An experienced game designer, Tess’s work incorporates physical objects, wearable technology, and interactive tabletops to explore embodied interactions with digital games and stories. In 2010 she was the lead designer for Futura: the sustainable futures game, which was showcased at the 2010 Winter Olympics in Vancouver, and later incorporated in the City of Vancouver’s “Greenest Cities Conversations” program. Collaborating with Karen Tanenbaum, she created The Reading Glove: a tangible, wearable, work of electronic literature where a reader explores a collection of evocative physical objects to piece together a historical narrative. She has developed new gaming technologies that push the boundaries of personal fabrication, using 3D printers and laser cutters as platforms for hybrid digital/physical games. Her recent game, Magia Transformo: The Dance of Transformation, was an official selection of IndieCade: the largest festival of independent games in the world. It uses costumes and movement to help players adopt the personas of witches and warlocks to uncover the secret magical history of the world. Tess is also a “Steampunk” artist, and maker, whose work on DiY culture appears in the book Vintage Tomorrows and the documentary film of the same name.

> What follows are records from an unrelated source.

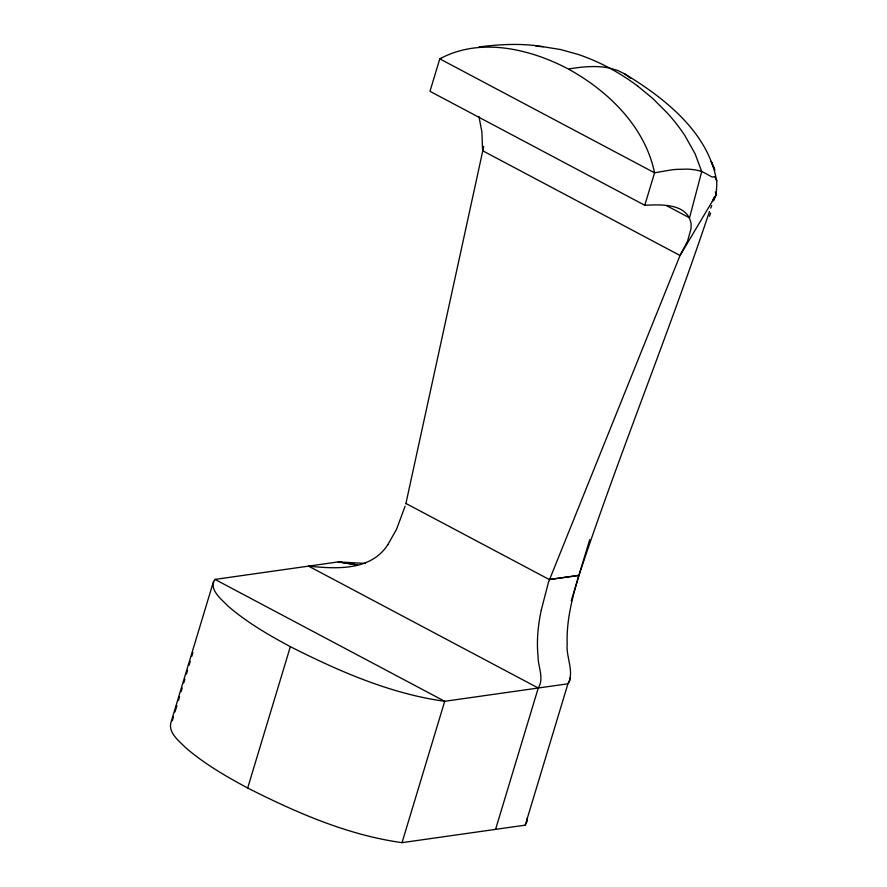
<?xml version="1.0" encoding="UTF-8"?>
<svg xmlns="http://www.w3.org/2000/svg" width="887" height="887" viewBox="0 0 887 887"><rect width="100%" height="100%" fill="white"/><g stroke="black" fill="none" stroke-linecap="round" stroke-linejoin="round"><path stroke-width="1.33" d="M716.541 189.607L715.975 195.162L713.614 200.772M541.27 610.112C538.065 625.158 536.48 640.658 538.032 656.014C537.832 666.447 544.485 678.488 538.254 688.013L495.578 829.367M405.847 503.816L483.748 146.366M541.281 610.034L548.454 582.338M365.389 563.433L338.213 561.914L214.998 579.411C208.257 589.467 221.761 599.468 227.948 606.021C246.786 622.33 268.484 634.915 290.348 646.667C339.056 671.259 390.269 693.745 444.709 701.295L567.924 683.799L569.82 680.684L570.031 678.078M578.08 578.235C571.827 599.568 566.327 621.61 567.181 644.017C565.884 657.112 574.709 671.714 567.924 683.799L525.237 825.154L402.033 842.65C347.593 835.099 296.38 812.614 247.673 788.022C225.808 776.269 204.11 763.685 185.272 747.375C179.03 740.8 168.275 733.028 170.869 722.694L213.545 581.351M548.488 582.238L680.041 255.489L715.975 195.162L715.343 191.969M578.113 578.136L578.923 575.441L549.297 579.533L405.947 503.472M172.322 720.765L173.464 716.973M174.994 711.928L176.901 705.62M178.42 700.575L179.562 696.783M181.092 691.738L182.234 687.946M183.753 682.901L184.895 679.109M186.425 674.065L187.567 670.284M189.086 665.228L190.228 661.447M191.758 656.402L192.9 652.61M247.673 788.022L290.348 646.667M402.033 842.65L444.709 701.295L214.998 579.411M567.436 68.554C529.062 48.563 479.856 37.165 439.786 58.852L429.984 91.306L644.771 205.274L654.573 172.81C645.082 127.007 608.792 91.472 569.121 69.452M571.261 600.821L589.733 539.618M405.093 506.277L396.522 529.328L387.83 544.707M709.456 211.527C668.687 333.778 619.558 453.057 578.956 575.319L549.297 579.533M710.709 208.123L711.707 205.518M387.796 544.751C370.699 571.184 335.94 568.922 308.554 566.128L538.254 688.013M525.237 825.154L527.344 820.93L527.177 818.202M441.36 58.509L439.786 58.852L654.573 172.81L671.37 169.894A308.155 160.403 -62 0 1 676.626 169.373L687.159 169.129A218.158 113.558 -62 0 1 691.527 169.417L692.847 169.561M568.223 68.975L578.025 67.612A329.875 171.712 -62 0 1 594.623 66.558L597.694 66.658A231.307 120.41 -62 0 1 609.591 68.088L617.585 70.439L624.526 73.809C664.485 97.947 708.159 132.152 716.629 180.848M479.08 46.956C499.958 44.25 521.223 43.175 542.09 46.512M644.771 205.274C660.516 204.575 686.826 202.957 690.973 223.014A53.253 26.045 -42.8 0 1 690.94 229.068L687.569 241.076L680.041 255.489L482.583 150.712L481.896 131.941L478.969 116.585M543.032 46.723L560.529 49.528L577.98 54.373A270.424 215.929 81.9 0 1 608.537 67.556M356.408 564.731L338.213 561.914L357.572 565.008M714.9 176.801L716.574 180.383M666.348 205.551L689.521 217.847L701.717 171.601L695.086 153.784L684.797 135.423A177.012 141.343 81.9 0 0 667.212 112.937L652.799 98.524L637.953 86.283M609.458 68.033L609.524 68.066A270.014 215.608 81.9 0 1 637.953 86.272M624.526 73.809L630.679 78.322M713.891 167.732L711.208 161.512L714.944 170.182M709.478 216.251A99.832 14.414 -74.9 0 1 710.62 213.035M712.383 201.393A43.286 5.023 -73.7 0 1 714.434 196.748M692.836 169.594A132.873 69.164 -62 0 1 701.329 171.402L701.717 171.601A117.306 61.07 -62 0 1 703.79 172.466L711.973 176.956A7.772 4.047 -62 0 0 713.336 176.901L713.647 176.823A6.575 3.426 -62 0 1 714.933 176.724M716.674 180.305A52.156 27.142 -62 0 1 716.452 189.663M535.97 46.257A177.965 142.108 81.9 0 1 543.032 46.789"/></g></svg>
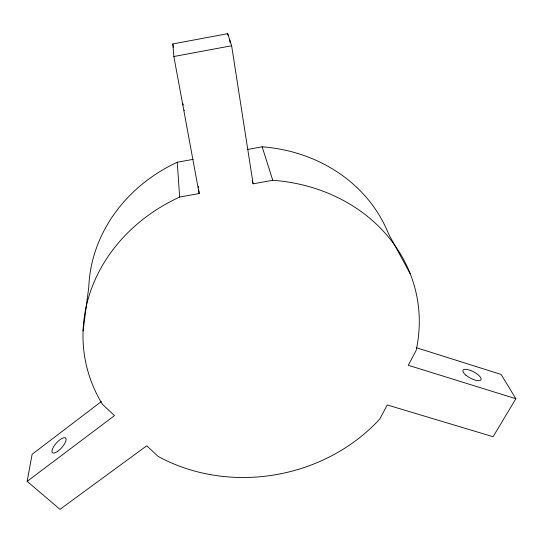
<?xml version="1.0" encoding="UTF-8"?>
<svg xmlns="http://www.w3.org/2000/svg" width="543" height="543" viewBox="0 0 543 543"><rect width="100%" height="100%" fill="white"/><g stroke="black" fill="none" stroke-linecap="round" stroke-linejoin="round"><path stroke-width="0.81" d="M83.065 330.959L88.774 287.145A155.006 139.307 -11.3 0 1 177.256 162.248L193.07 159.37M416.237 347.669L501.121 374.446L515.85 398.718L493.098 436.715L387.254 404.949L379.849 418.918A168.819 148.11 -10.6 0 1 158.149 456.439L146.746 445.783L59.988 509.327L27.15 481.37L32.118 454.294L101.269 401.61M27.15 481.37L114.492 415.619L102.471 404.379A168.819 148.11 -10.6 0 1 179.652 197.061L177.256 162.248M179.652 197.061L199.159 193.546L173.862 56.52L172.81 43.942L227.734 33.673L231.63 45.755L253.113 183.819L272.749 180.276A168.819 148.11 -10.6 0 1 416.121 350.466L408.268 365.283L515.85 398.718M173.862 56.52L231.63 45.755M247.18 149.535L262.16 146.807A155.006 139.307 -11.3 0 1 388.632 234.047L410.162 273.638M262.16 146.807L272.749 180.276M252.271 180.609L253.113 183.819M184.22 110.059L184.335 110.541M182.95 103.699L183.208 105.091M172.81 43.942L173.421 47.268M227.734 33.673L227.999 35.336M229.635 39.558L230.151 42.856M198.283 186.154L198.473 187.797M198.67 189.439L199.159 193.546M465.901 375.172A10.188 3.536 27.9 0 0 480.969 379.829A10.188 3.536 27.9 0 0 469.159 369.966A10.188 3.536 27.9 0 0 465.901 375.172M57.368 451.505A9.855 3.516 -47.9 0 0 65.825 438.303A9.855 3.516 -47.9 0 0 53.852 446.339A9.855 3.516 -47.9 0 0 57.368 451.505"/></g></svg>
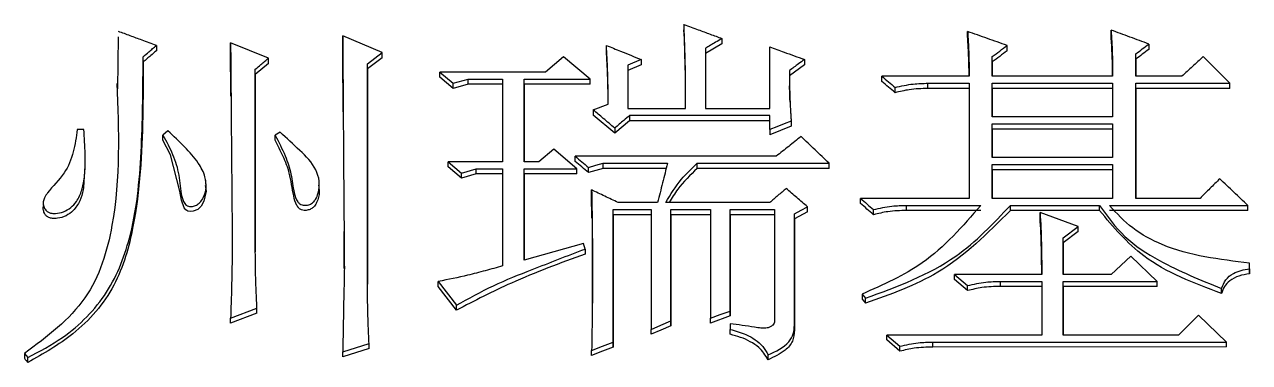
# Model space of a CAD drawing. Header units: millimetres. Extents: x 2379 to 4059, y 879 to 2067.
# Drawn here: x 2711.78 to 2719.82, y 1809.77 to 1811.98 of the extents above; entities that cross this region are included whole.
import ezdxf

# ---------------------------------------------------------------- set-up
doc = ezdxf.new("R2010")
doc.units = ezdxf.units.MM

msp = doc.modelspace()

# ---------------------------------------------------------------- linework, layer by layer
at = {"color": 7, "linetype": 'Continuous', "lineweight": 25}
for p, q in [((2716.1076, 1811.9838), (2716.1076, 1811.9488)), ((2717.9682, 1811.903), (2717.9681, 1811.9379)), ((2718.9093, 1811.9122), (2718.9093, 1811.9471)), ((2712.393, 1811.5623), (2712.3972, 1811.903)), ((2712.646, 1811.8461), (2712.646, 1811.8113)), ((2713.3816, 1811.7634), (2713.1328, 1811.8644)), ((2713.1328, 1811.8297), (2713.1328, 1811.8644)), ((2714.128, 1811.8002), (2713.8684, 1811.9103)), ((2713.8684, 1811.8755), (2713.8684, 1811.9103)), ((2715.5992, 1811.8114), (2715.5992, 1811.8461)), ((2716.3564, 1811.8572), (2716.2482, 1811.793)), ((2716.3564, 1811.892), (2716.3564, 1811.8572)), ((2716.6701, 1811.4325), (2716.6701, 1811.8369)), ((2718.2278, 1811.8114), (2718.2278, 1811.8461)), ((2719.1581, 1811.8553), (2719.1581, 1811.8205)), ((2712.5594, 1811.7379), (2712.5594, 1811.7726)), ((2713.1355, 1811.5145), (2713.1328, 1811.8297)), ((2713.3816, 1811.7288), (2713.3816, 1811.7634)), ((2714.0307, 1811.7267), (2714.128, 1811.8002)), ((2714.128, 1811.7655), (2714.0307, 1811.6921)), ((2714.128, 1811.7655), (2714.128, 1811.8002)), ((2715.3179, 1811.7726), (2715.1989, 1811.6716)), ((2715.491, 1811.6256), (2715.3179, 1811.7726)), ((2716.2482, 1811.8277), (2716.2482, 1811.4325)), ((2716.2482, 1811.8277), (2716.2482, 1811.793)), ((2716.2482, 1811.793), (2716.2482, 1811.4325)), ((2718.1304, 1811.644), (2718.1304, 1811.7727)), ((2718.1304, 1811.738), (2718.1304, 1811.7727)), ((2719.0715, 1811.644), (2719.0715, 1811.791)), ((2719.0715, 1811.7564), (2719.0715, 1811.791)), ((2719.0715, 1811.7564), (2719.0715, 1811.644)), ((2713.3816, 1811.7288), (2713.2951, 1811.6554)), ((2713.2951, 1810.4919), (2713.2951, 1811.69)), ((2713.2951, 1811.6554), (2713.2951, 1811.69)), ((2714.0307, 1810.2792), (2714.0307, 1811.7267)), ((2714.0307, 1811.6921), (2714.0307, 1811.7267)), ((2714.0307, 1811.6921), (2714.0307, 1810.2791)), ((2715.8263, 1811.7543), (2715.7398, 1811.7175)), ((2715.8263, 1811.7196), (2715.7398, 1811.6829)), ((2715.7398, 1811.7175), (2715.7398, 1811.4325)), ((2715.7398, 1811.7175), (2715.7398, 1811.6829)), ((2715.7398, 1811.6829), (2715.7398, 1811.4325)), ((2715.8263, 1811.7543), (2715.8263, 1811.7196)), ((2716.8972, 1811.7197), (2716.7999, 1811.6462)), ((2716.8972, 1811.7543), (2716.8972, 1811.7197)), ((2718.1304, 1811.738), (2718.1304, 1811.644)), ((2713.2951, 1811.6554), (2713.2951, 1810.4918)), ((2714.5066, 1811.6716), (2714.5932, 1811.5981)), ((2715.1989, 1811.6716), (2714.5066, 1811.6716)), ((2714.5066, 1811.6371), (2714.5066, 1811.6716)), ((2714.5932, 1811.5636), (2714.5066, 1811.6371)), ((2714.5932, 1811.5981), (2714.6905, 1811.6256)), ((2714.5932, 1811.5636), (2714.5932, 1811.5981)), ((2714.6905, 1811.6256), (2714.9177, 1811.6256)), ((2714.6905, 1811.5912), (2714.6905, 1811.6256)), ((2714.9177, 1811.6256), (2714.9177, 1811.0826)), ((2715.0583, 1811.6256), (2715.491, 1811.6256)), ((2715.0583, 1811.0826), (2715.0583, 1811.6256)), ((2715.0583, 1811.5912), (2715.0583, 1811.6256)), ((2717.979, 1811.644), (2717.4057, 1811.644)), ((2717.4057, 1811.6095), (2717.4057, 1811.644)), ((2717.7085, 1811.5981), (2717.979, 1811.5981)), ((2717.7085, 1811.5637), (2717.7085, 1811.5981)), ((2717.979, 1811.5981), (2717.979, 1810.8429)), ((2718.9201, 1811.644), (2718.1304, 1811.644)), ((2718.1304, 1811.5981), (2718.9201, 1811.5981)), ((2718.1304, 1811.3773), (2718.1304, 1811.5981)), ((2718.1304, 1811.5637), (2718.1304, 1811.5981)), ((2718.9201, 1811.5981), (2718.9201, 1811.3773)), ((2719.3744, 1811.6441), (2719.0715, 1811.644)), ((2719.0715, 1811.5981), (2719.6881, 1811.5981)), ((2719.0715, 1810.8429), (2719.0715, 1811.5981)), ((2719.0715, 1811.5637), (2719.0715, 1811.5981)), ((2719.6881, 1811.5637), (2719.6881, 1811.5981)), ((2714.6905, 1811.5912), (2714.5932, 1811.5636)), ((2714.9177, 1811.5912), (2714.6905, 1811.5912)), ((2715.0583, 1811.5912), (2715.0583, 1811.0826)), ((2715.491, 1811.5912), (2715.0583, 1811.5912)), ((2717.4922, 1811.5361), (2717.4922, 1811.5705)), ((2717.979, 1811.5637), (2717.7085, 1811.5637)), ((2718.1304, 1811.5637), (2718.1304, 1811.3773)), ((2718.9201, 1811.5637), (2718.1304, 1811.5637)), ((2719.0715, 1811.5637), (2719.0715, 1810.8429)), ((2719.6881, 1811.5637), (2719.0715, 1811.5637)), ((2715.5126, 1811.4233), (2715.61, 1811.4601)), ((2715.5126, 1811.4233), (2715.5126, 1811.3891)), ((2715.6533, 1811.2696), (2715.5126, 1811.3891)), ((2715.7398, 1811.4325), (2716.1184, 1811.4325)), ((2716.6701, 1811.3865), (2715.7506, 1811.3865)), ((2715.7506, 1811.3865), (2715.7506, 1811.3524)), ((2716.2482, 1811.4325), (2716.6701, 1811.4325)), ((2716.6701, 1811.2945), (2716.6701, 1811.3865)), ((2718.9201, 1811.3773), (2718.1304, 1811.3773)), ((2712.1701, 1811.2945), (2712.1267, 1811.2945)), ((2712.7218, 1811.2852), (2712.6893, 1811.2576)), ((2713.4574, 1811.2761), (2713.4249, 1811.2576)), ((2715.7506, 1811.3524), (2715.6533, 1811.2696)), ((2715.6533, 1811.3037), (2715.6533, 1811.2696)), ((2716.6701, 1811.3524), (2715.7506, 1811.3524)), ((2716.8107, 1811.3156), (2716.6701, 1811.2605)), ((2716.6701, 1811.2945), (2716.6701, 1811.2605)), ((2716.8107, 1811.3497), (2716.8107, 1811.3156)), ((2718.1304, 1811.3313), (2718.9201, 1811.3313)), ((2718.1304, 1811.1103), (2718.1304, 1811.3313)), ((2718.1304, 1811.2972), (2718.1304, 1811.3313)), ((2718.1304, 1811.2972), (2718.1304, 1811.1103)), ((2718.9201, 1811.2972), (2718.1304, 1811.2972)), ((2718.9201, 1811.3313), (2718.9201, 1811.1103)), ((2713.4249, 1811.2236), (2713.4249, 1811.2576)), ((2715.253, 1811.1655), (2715.1557, 1811.0826)), ((2715.4045, 1811.0365), (2715.253, 1811.1655)), ((2716.7134, 1811.1195), (2715.3936, 1811.1195)), ((2715.3936, 1811.0857), (2715.3936, 1811.1195)), ((2712.1771, 1811.0018), (2712.1771, 1811.0359)), ((2714.5607, 1811.0826), (2714.6472, 1811.0089)), ((2714.9177, 1811.0826), (2714.5607, 1811.0826)), ((2714.6472, 1810.9752), (2714.5607, 1811.0488)), ((2714.6472, 1811.0089), (2714.7446, 1811.0365)), ((2714.7446, 1811.0365), (2714.9177, 1811.0365)), ((2714.7446, 1811.0028), (2714.7446, 1811.0365)), ((2714.9177, 1811.0365), (2714.9177, 1810.3995)), ((2715.1557, 1811.0826), (2715.0583, 1811.0826)), ((2715.0583, 1811.0365), (2715.4045, 1811.0365)), ((2715.0583, 1810.4365), (2715.0583, 1811.0365)), ((2715.0583, 1811.0028), (2715.0583, 1811.0365)), ((2715.4802, 1811.012), (2715.4802, 1811.0458)), ((2715.5775, 1811.0397), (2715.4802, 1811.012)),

Her current work explores the intersection of live performance and MR/AR/VR technologies. Collaborating with Tim Kashani of Apples and Oranges Arts, she has mentored students in experimental designs for VR theater experiences, including a student team that took second place in the 2018 Butterworth Product development competition. She is currently developing Virtual Reality systems that transform how we think about creative practice in the performing arts. These include ShadowCast, a VR networked theatrical performance platform (created in collaboration with Tim Kashani), and VirDAW, a VR digital audio workstation (created in collaboration with UCI Drama Professor Vincent Olivieri).
Talk: "Identity Transformation Through Theatrical Play"
Abstract: The idea of transformation as a central element of digital media has been around for decades. Janet Murray notably included it as a core property of digital media, alongside agency and immersion. However, transformation has always been the most difficult of these three concepts for designers to integrate into their practices. What is the subject of the transformation? The identity of the player? The digital media itself? The feelings and perspectives of the player? What is the impact of a transformation? Is transformation a permanent state, or a transitory one? In this talk I will explore the intersections between identity transformation, theater, and play, drawing on a multidisciplinary set of theoretical perspectives and practices to better articulate the concept of transformative play. I argue that understanding the underlying poetics of transformative play has value to designers who seek to create experiences that can impact participants in visceral and lasting ways. I speculate about the importance of play as a place for marginalized people to engage in personal identity work, exploring different potential selves and ways of understanding the world, and expanding how we understand our own place in it.